» **Raw data**:
=== Section Start ===

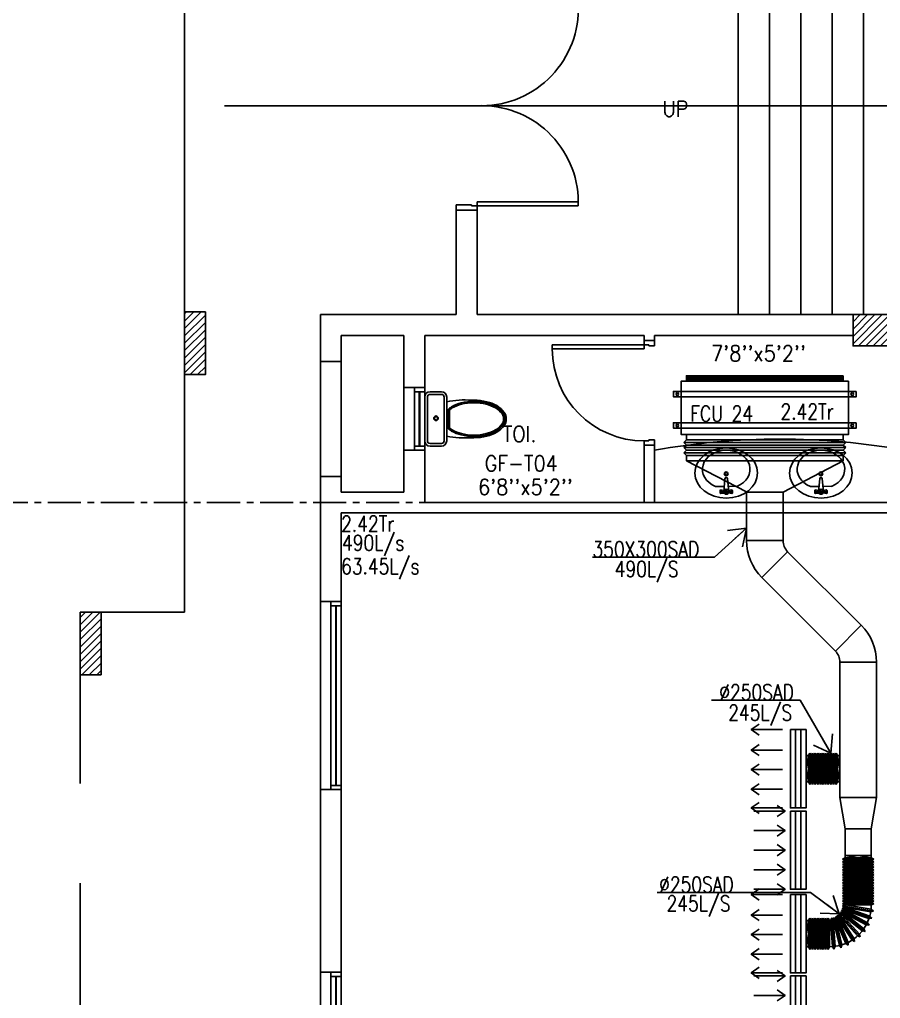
# Model space of a CAD drawing. Header units: millimetres. Extents: x -1288794 to 2153086, y -2701644 to -1335282.
# Drawn here: x 847987 to 856229, y -1500119 to -1490744 of the extents above; entities that cross this region are included whole.
import ezdxf

# ---------------------------------------------------------------- set-up
doc = ezdxf.new("R2010")
doc.units = ezdxf.units.MM
doc.header["$LTSCALE"] = 100
doc.linetypes.add('CENTER', pattern=[50.8, 31.75, -6.35, 6.35, -6.35])
doc.linetypes.add('DASHED2', pattern=[9.525, 6.35, -3.175])
for name, color, linetype in [('A-ANNO-TEXT', 8, 'Continuous'), ('A-DOOR', 4, 'Continuous'), ('A-FLOR-OVHD', 4, 'DASHED2'), ('A-FLOR-PFIX', 8, 'Continuous'), ('A-FLOR-SPCL', 8, 'Continuous'), ('A-GLAZ', 5, 'Continuous'), ('A-GRID', 253, 'CENTER'), ('A-WALL-FULL', 8, 'Continuous'), ('AC-SAD', 3, 'Continuous'), ('AC-SAD TEXT', 3, 'Continuous'), ('FCU-AC', 160, 'Continuous'), ('RETURN GRILL RIGHT', 1, 'Continuous'), ('S-COL- HACT.', 9, 'Continuous'), ('S-COL.', 8, 'Continuous'), ('SUPPLY GRILL RIGHT', 3, 'Continuous')]:
    doc.layers.add(name, color=color, linetype=linetype)
doc.styles.add('ROMANS', font='romans.shx', dxfattribs={"width": 0.8})
doc.styles.add('SIMPLEX', font='simplex.shx', dxfattribs={"width": 0.8})
doc.dimstyles.new('100 of DIM2', dxfattribs={"dimscale": 0, "dimtxt": 200, "dimasz": 150, "dimexe": 75, "dimexo": 200, "dimgap": 75, "dimtad": 1, "dimdec": 0, "dimrnd": 5, "dimzin": 0, "dimdsep": 46, "dimtxsty": 'ROMANS', "dimblk": 'ARCHTICK', "dimcen": 100, "dimclrd": 94, "dimclre": 94, "dimclrt": 2, "dimadec": 0, "dimazin": 0, "dimtfac": 1, "dimtdec": 0, "dimtofl": 0, "dimtmove": 2, "dimatfit": 3, "dimldrblk": 'OPEN90', "dimfxl": 75, "dimtolj": 1, "dimtzin": 0, "dimarcsym": 0})
pattern_1 = [(45, (1972922.05, -1109556.65), (-35.355339, 35.355339), [])]

# ---------------------------------------------------------------- blocks, each defined once
blk = doc.blocks.new('D-200-DOUBLE')
for p, q in [((40, 200), (40, 1170)), ((40, 1170), (80, 1170)), ((80, 200), (80, 1170)), ((1920, 200), (1920, 1170)), ((1920, 1170), (1960, 1170)), ((1960, 200), (1960, 1170)), ((80, 200), (0, 200)), ((0, 200), (0, 0)), ((40, 200), (40, 148)), ((1920, 200), (1960, 200)), ((2000, 200), (1960, 200)), ((1960, 200), (1960, 148)), ((2000, 200), (2000, 0)), ((40, 148), (50, 148)), ((50, 148), (50, 0)), ((1950, 148), (1950, 0)), ((1960, 148), (1950, 148)), ((50, 0), (0, 0)), ((2000, 0), (1950, 0))]:
    blk.add_line(p, q)
at = {"linetype": 'Continuous'}
for centre, start, end in [((72.5, 241.6), 357.43139, 89.5378), ((1927.5, 241.6), 90.4622, 182.56861)]:
    blk.add_arc(centre, 928.4, start, end, dxfattribs=at)
blk = doc.blocks.new('W-180')
for p, q in [((1800, 100), (0, 100)), ((40, 0), (40, 100)), ((1760, 100), (1760, 0)), ((1800, 0), (0, 0))]:
    blk.add_line(p, q)
at = {"linetype": 'Continuous'}
for p, q in [((1760, 53), (40, 53)), ((1760, 47), (40, 47))]:
    blk.add_line(p, q, dxfattribs=at)
blk = doc.blocks.new('D-100-R1')
for p, q in [((-80, 980), (-80, 100)), ((-80, 980), (-40, 980)), ((-40, 980), (-40, 55)), ((-1000, 100), (-1000, 0)), ((-1000, 100), (-960, 100)), ((-960, 100), (-960, 55)), ((-80, 100), (0, 100)), ((0, 100), (0, 0)), ((-960, 55), (-950, 55)), ((-950, 55), (-950, 0)), ((-50, 55), (-50, 0)), ((-50, 55), (-40, 55)), ((-50, 0), (0, 0)), ((-1000, 0), (-950, 0))]:
    blk.add_line(p, q)
at = {"linetype": 'Continuous'}
blk.add_arc((-80, 100), 880, 90, 180, dxfattribs=at)
blk = doc.blocks.new('WC-1')
for p, q in [((-210, 0), (210, 0)), ((-260, -160), (-260, -50)), ((-235, -160), (-235, -50)), ((-210, -25), (210, -25)), ((235, -50), (235, -160)), ((260, -50), (260, -160)), ((210, -185), (-210, -185)), ((210, -210), (-210, -210)), ((91.5, -222.5), (-91.5, -222.5)), ((85.8, -235), (-85.8, -235))]:
    blk.add_line(p, q)
for radius in [22.1, 17.1]:
    blk.add_circle((-6.1, -107.5), radius)
for centre, radius, start, end in [((-210, -50), 50, 90, 180), ((-210, -50), 25, 90, 180), ((210, -50), 50, 360, 90), ((210, -50), 25, 360, 90), ((-210, -160), 50, 180, 270), ((-210, -160), 25, 180, 270), ((210, -160), 25, 270, 360), ((210, -160), 50, 270, 360), ((722.3, -383.2), 904.1, 168.95288, 184.06317), ((178.2, -428.2), 340.7, 149.85861, 166.47658), ((178.2, -428.2), 328.2, 149.85861, 166.47658), ((68.6, -364.5), 214, 138.41516, 149.85861), ((68.6, -364.5), 201.5, 139.99435, 149.85861), ((-68.6, -364.5), 201.5, 30.14139, 40.00565), ((-68.6, -364.5), 214, 30.14139, 41.58484), ((-178.2, -428.2), 328.2, 13.52342, 30.14139), ((-178.2, -428.2), 340.7, 13.52342, 30.14139), ((352.1, -470), 519.6, 166.47658, 180), ((352.1, -470), 507.1, 166.47658, 180), ((-352.1, -470), 507.1, 360, 13.52342), ((-352.1, -470), 519.6, 360, 13.52342), ((352.1, -470), 532.1, 177.55413, 180), ((-352.1, -470), 532.1, 360, 2.44587), ((352.1, -470), 532.1, 180, 193.52342), ((352.1, -470), 519.6, 180, 193.52342), ((352.1, -470), 507.1, 180, 193.52342), ((-352.1, -470), 507.1, 346.47658, 360), ((-352.1, -470), 519.6, 346.47658, 360), ((-352.1, -470), 532.1, 346.47658, 360), ((178.2, -511.8), 353.2, 193.52342, 210.14139), ((178.2, -511.8), 340.7, 193.52342, 210.14139), ((178.2, -511.8), 328.2, 193.52342, 210.14139), ((-178.2, -511.8), 328.2, 329.85861, 346.47658), ((-178.2, -511.8), 340.7, 329.85861, 346.47658), ((-178.2, -511.8), 353.2, 329.85861, 346.47658), ((68.6, -575.5), 226.5, 210.14139, 234.49716), ((68.6, -575.5), 214, 210.14139, 234.49716), ((68.6, -575.5), 201.5, 210.14139, 234.49716), ((0, -671.6), 95.9, 234.49716, 270), ((0, -671.6), 83.4, 234.49716, 270), ((0, -671.6), 83.4, 270, 305.50284), ((0, -671.6), 95.9, 270, 305.50284), ((-68.6, -575.5), 201.5, 305.50284, 329.85861), ((-68.6, -575.5), 214, 305.50284, 329.85861), ((-68.6, -575.5), 226.5, 305.50284, 329.85861), ((0, -671.6), 108.4, 234.49716, 270), ((0, -671.6), 108.4, 270, 305.50284)]:
    blk.add_arc(centre, radius, start, end)
at = {"linetype": 'Continuous', "ltscale": 50}
blk.add_arc((-722.3, -383.2), 904.1, 355.93683, 11.04712, dxfattribs=at)
blk = doc.blocks.new('LAV-2')
for p, q in [((-21.3, 393), (-54.6, 399)), ((-24.3, 385.2), (-48.7, 381)), ((-24.3, 376.6), (-48.7, 381)), ((-24.7, 380.9), (-13.1, 257.5)), ((-18.7, 380.9), (17.3, 380.8)), ((-0.7, 362.8), (-0.6, 398.8)), ((23.3, 380.7), (10.9, 257.4)), ((53.4, 398.6), (20.1, 392.9)), ((47.3, 380.7), (22.9, 385.1)), ((47.3, 380.7), (22.9, 376.4)), ((-102.4, 329.8), (-23.2, 329.6)), ((-21.4, 368.8), (-54.7, 363)), ((53.3, 362.6), (20, 368.6)), ((21.5, 329.4), (100.7, 329.1))]:
    blk.add_line(p, q)
for centre, radius in [((-0.7, 380.8), 24), ((-0.7, 380.8), 18), ((-1.3, 209.5), 18), ((-1.3, 209.5), 13.2)]:
    blk.add_circle(centre, radius)
blk.add_arc((-1.1, 257.5), 12, 179.80529, 359.80529)
for centre, major_axis, ratio in [((-1.3, 201.7), (-300, 1), 0.8), ((53.3, 380.6), (0.1, 18), 0.333333)]:
    blk.add_ellipse(centre, major_axis=major_axis, ratio=ratio)
at = {"extrusion": (0, 0, -1)}
blk.add_ellipse((-54.7, 381), major_axis=(0.1, 18), ratio=0.333333, dxfattribs=at)
blk.add_ellipse((-1.4, 166.2), major_axis=(-228, 0.8), ratio=0.8, start_param=5.174, end_param=10.533963)
for points, knots in [([(-54.7, 365.5), (-54.8, 365.5), (-54.9, 365.6), (-55.3, 366), (-55.4, 366.3), (-56, 367.2), (-56.3, 368), (-57, 370), (-57.3, 371.2), (-57.8, 373.8), (-58, 375.2), (-58.3, 378.9), (-58.3, 381.3), (-58.1, 386), (-57.8, 388.3), (-57.1, 391.5), (-56.7, 392.7), (-56, 394.5), (-55.7, 395.1), (-55.2, 395.9), (-55, 396.2), (-54.8, 396.5), (-54.7, 396.5), (-54.6, 396.6)], [3.378318, 3.378318, 3.378318, 3.378318, 3.519844, 3.519844, 3.66137, 3.66137, 3.925951, 3.925951, 4.190531, 4.190531, 4.455112, 4.455112, 4.86737, 4.86737, 5.279628, 5.279628, 5.565785, 5.565785, 5.785568, 5.785568, 5.957, 5.957, 6.04646, 6.04646, 6.04646, 6.04646]), ([(-54.6, 396.6), (-54.5, 396.5), (-54.4, 396.4), (-54.1, 396), (-53.9, 395.7), (-53.4, 394.8), (-53, 394), (-52.3, 392), (-52, 390.8), (-51.6, 388.2), (-51.4, 386.8), (-51.1, 383.1), (-51, 380.7), (-51.3, 376), (-51.6, 373.8), (-52.3, 370.5), (-52.6, 369.3), (-53.3, 367.5), (-53.6, 366.9), (-54.1, 366.1), (-54.4, 365.8), (-54.6, 365.6), (-54.7, 365.5), (-54.7, 365.5)], [0.236726, 0.236726, 0.236726, 0.236726, 0.378252, 0.378252, 0.519778, 0.519778, 0.784358, 0.784358, 1.048939, 1.048939, 1.313519, 1.313519, 1.725777, 1.725777, 2.138035, 2.138035, 2.424192, 2.424192, 2.643976, 2.643976, 2.815407, 2.815407, 2.904867, 2.904867, 2.904867, 2.904867]), ([(53.4, 396.2), (53.3, 396.1), (53.2, 396), (52.8, 395.6), (52.7, 395.4), (52.1, 394.5), (51.7, 393.6), (51.1, 391.6), (50.8, 390.5), (50.3, 387.9), (50.1, 386.5), (49.7, 382.7), (49.7, 380.3), (49.9, 375.7), (50.2, 373.4), (50.9, 370.1), (51.2, 368.9), (51.9, 367.2), (52.2, 366.6), (52.7, 365.7), (52.9, 365.4), (53.1, 365.2), (53.2, 365.1), (53.3, 365.1)], [0.236726, 0.236726, 0.236726, 0.236726, 0.378252, 0.378252, 0.519778, 0.519778, 0.784358, 0.784358, 1.048939, 1.048939, 1.313519, 1.313519, 1.725777, 1.725777, 2.138035, 2.138035, 2.424192, 2.424192, 2.643976, 2.643976, 2.815407, 2.815407, 2.904867, 2.904867, 2.904867, 2.904867]), ([(53.3, 365.1), (53.4, 365.1), (53.5, 365.3), (53.8, 365.6), (54, 365.9), (54.5, 366.8), (54.9, 367.7), (55.6, 369.7), (55.9, 370.8), (56.4, 373.4), (56.6, 374.8), (56.9, 378.5), (57, 381), (56.7, 385.6), (56.5, 387.9), (55.8, 391.2), (55.4, 392.4), (54.8, 394.1), (54.5, 394.7), (54, 395.6), (53.8, 395.8), (53.5, 396.1), (53.4, 396.2), (53.4, 396.2)], [3.378318, 3.378318, 3.378318, 3.378318, 3.519844, 3.519844, 3.66137, 3.66137, 3.925951, 3.925951, 4.190531, 4.190531, 4.455112, 4.455112, 4.86737, 4.86737, 5.279628, 5.279628, 5.565785, 5.565785, 5.785568, 5.785568, 5.957, 5.957, 6.04646, 6.04646, 6.04646, 6.04646])]:
    blk.add_open_spline(points, degree=3, knots=knots)
blk = doc.blocks.new('W-60')
for p, q in [((600, 100), (0, 100)), ((40, 0), (40, 100)), ((560, 100), (560, 0)), ((600, 0), (0, 0))]:
    blk.add_line(p, q)
at = {"linetype": 'Continuous'}
for p, q in [((560, 53), (40, 53)), ((560, 47), (40, 47))]:
    blk.add_line(p, q, dxfattribs=at)
blk = doc.blocks.new('_ArchTick')
at = {"color": 0, "linetype": 'ByBlock', "const_width": 0.15}
blk.add_lwpolyline([(-0.5, -0.5), (0.5, 0.5)], dxfattribs=at)
blk = doc.blocks.new('fcu 2.5 tr')
h = blk.add_hatch()
h.set_pattern_fill('NET', color=3)
h.paths.add_polyline_path([(83171.5, -1587743.1), (81671.5, -1587743.1), (81671.5, -1587793.1), (83171.5, -1587793.1)])
at = {"layer": 'FCU-AC', "color": 1}
for p, q in [((83171.5, -1586980.1), (81671.5, -1586980.1)), ((81671.5, -1586980.1), (81671.5, -1587030.1)), ((83171.5, -1587030.1), (83171.5, -1586980.1)), ((81671.5, -1587030.1), (83171.5, -1587030.1)), ((83171.5, -1587180.1), (81671.5, -1587180.1)), ((81671.5, -1587180.1), (81671.5, -1587230.1)), ((83171.5, -1587230.1), (83171.5, -1587180.1)), ((81671.5, -1587230.1), (83171.5, -1587230.1))]:
    blk.add_line(p, q, dxfattribs=at)
at = {"layer": 'FCU-AC'}
for p, q in [((81671.5, -1587030.1), (81646.5, -1587055.1)), ((83196.5, -1587055.1), (81646.5, -1587055.1)), ((81671.5, -1587080.1), (81646.5, -1587055.1)), ((81671.5, -1587080.1), (81646.5, -1587105.1)), ((83171.5, -1587030.1), (81671.5, -1587030.1)), ((83171.5, -1587080.1), (81671.5, -1587080.1)), ((83171.5, -1587080.1), (81671.5, -1587080.1)), ((83196.5, -1587055.1), (83171.5, -1587030.1)), ((83196.5, -1587055.1), (83171.5, -1587080.1)), ((83196.5, -1587105.1), (83171.5, -1587080.1)), ((83196.5, -1587105.1), (81646.5, -1587105.1)), ((81671.5, -1587130.1), (81646.5, -1587105.1)), ((81671.5, -1587130.1), (81646.5, -1587155.1)), ((83196.5, -1587155.1), (81646.5, -1587155.1)), ((81671.5, -1587180.1), (81646.5, -1587155.1)), ((83171.5, -1587130.1), (81671.5, -1587130.1)), ((83171.5, -1587130.1), (81671.5, -1587130.1)), ((83196.5, -1587105.1), (83171.5, -1587130.1)), ((83196.5, -1587155.1), (83171.5, -1587130.1)), ((83196.5, -1587155.1), (83171.5, -1587180.1))]:
    blk.add_line(p, q, dxfattribs=at)
blk.add_lwpolyline([(81621.5, -1587743.1), (83221.5, -1587743.1), (83221.5, -1587230.1), (81621.5, -1587230.1)], close=True, dxfattribs=at)
at = {"layer": 'FCU-AC', "color": 6}
for points in [[(81546.5, -1587343.1), (83296.5, -1587343.1), (83296.5, -1587293.1), (81546.5, -1587293.1)], [(81546.5, -1587643.1), (83296.5, -1587643.1), (83296.5, -1587593.1), (81546.5, -1587593.1)]]:
    blk.add_lwpolyline(points, close=True, dxfattribs=at)
at = {"layer": 'FCU-AC', "color": 3}
blk.add_lwpolyline([(81671.5, -1587793.1), (83171.5, -1587793.1), (83171.5, -1587743.1), (81671.5, -1587743.1)], close=True, dxfattribs=at)
at = {"layer": 'FCU-AC', "color": 6}
for centre in [(81584, -1587318.1), (83259, -1587318.1), (81584, -1587618.1), (83259, -1587618.1)]:
    blk.add_circle(centre, 12.5, dxfattribs=at)
blk = doc.blocks.new('*U704')
at = {"layer": 'AC-SAD'}
for p, q in [((-12.5, 275, 0), (-25, 250, 0)), ((-25, 250, 0), (-25, 0, 0)), ((-12.5, 275, 0), (-12.5, -25, 0)), ((0, 250, 0), (-12.5, 275, 0)), ((0, 250, 0), (0, 0, 0)), ((-12.5, -25, 0), (-25, 0, 0)), ((0, 0, 0), (-12.5, -25, 0))]:
    blk.add_line(p, q, dxfattribs=at)
blk = doc.blocks.new('*U705')
at = {"layer": 'AC-SAD', "color": 0, "linetype": 'ByBlock', "lineweight": -2, "transparency": 16777216}
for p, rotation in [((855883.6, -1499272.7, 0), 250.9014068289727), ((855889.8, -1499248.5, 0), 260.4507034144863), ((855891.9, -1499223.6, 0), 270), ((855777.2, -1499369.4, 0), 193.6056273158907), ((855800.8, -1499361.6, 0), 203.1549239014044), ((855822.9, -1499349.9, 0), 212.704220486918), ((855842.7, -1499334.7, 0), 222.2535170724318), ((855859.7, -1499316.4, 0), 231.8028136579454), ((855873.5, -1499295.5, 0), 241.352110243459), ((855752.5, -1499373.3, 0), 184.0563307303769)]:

=== Section End ===

» **Task to carry out**: Retype only the stretch of lines above starting at the one with "blk = doc.blocks.new('LAV-2')" and stopping at the one with "ratio=0.8, start_param=5.174, end_param=10.533963)", exactly as written, with both kept.

» **Exercise response**:
blk = doc.blocks.new('LAV-2')
for p, q in [((-21.3, 393), (-54.6, 399)), ((-24.3, 385.2), (-48.7, 381)), ((-24.3, 376.6), (-48.7, 381)), ((-24.7, 380.9), (-13.1, 257.5)), ((-18.7, 380.9), (17.3, 380.8)), ((-0.7, 362.8), (-0.6, 398.8)), ((23.3, 380.7), (10.9, 257.4)), ((53.4, 398.6), (20.1, 392.9)), ((47.3, 380.7), (22.9, 385.1)), ((47.3, 380.7), (22.9, 376.4)), ((-102.4, 329.8), (-23.2, 329.6)), ((-21.4, 368.8), (-54.7, 363)), ((53.3, 362.6), (20, 368.6)), ((21.5, 329.4), (100.7, 329.1))]:
    blk.add_line(p, q)
for centre, radius in [((-0.7, 380.8), 24), ((-0.7, 380.8), 18), ((-1.3, 209.5), 18), ((-1.3, 209.5), 13.2)]:
    blk.add_circle(centre, radius)
blk.add_arc((-1.1, 257.5), 12, 179.80529, 359.80529)
for centre, major_axis, ratio in [((-1.3, 201.7), (-300, 1), 0.8), ((53.3, 380.6), (0.1, 18), 0.333333)]:
    blk.add_ellipse(centre, major_axis=major_axis, ratio=ratio)
at = {"extrusion": (0, 0, -1)}
blk.add_ellipse((-54.7, 381), major_axis=(0.1, 18), ratio=0.333333, dxfattribs=at)
blk.add_ellipse((-1.4, 166.2), major_axis=(-228, 0.8), ratio=0.8, start_param=5.174, end_param=10.533963)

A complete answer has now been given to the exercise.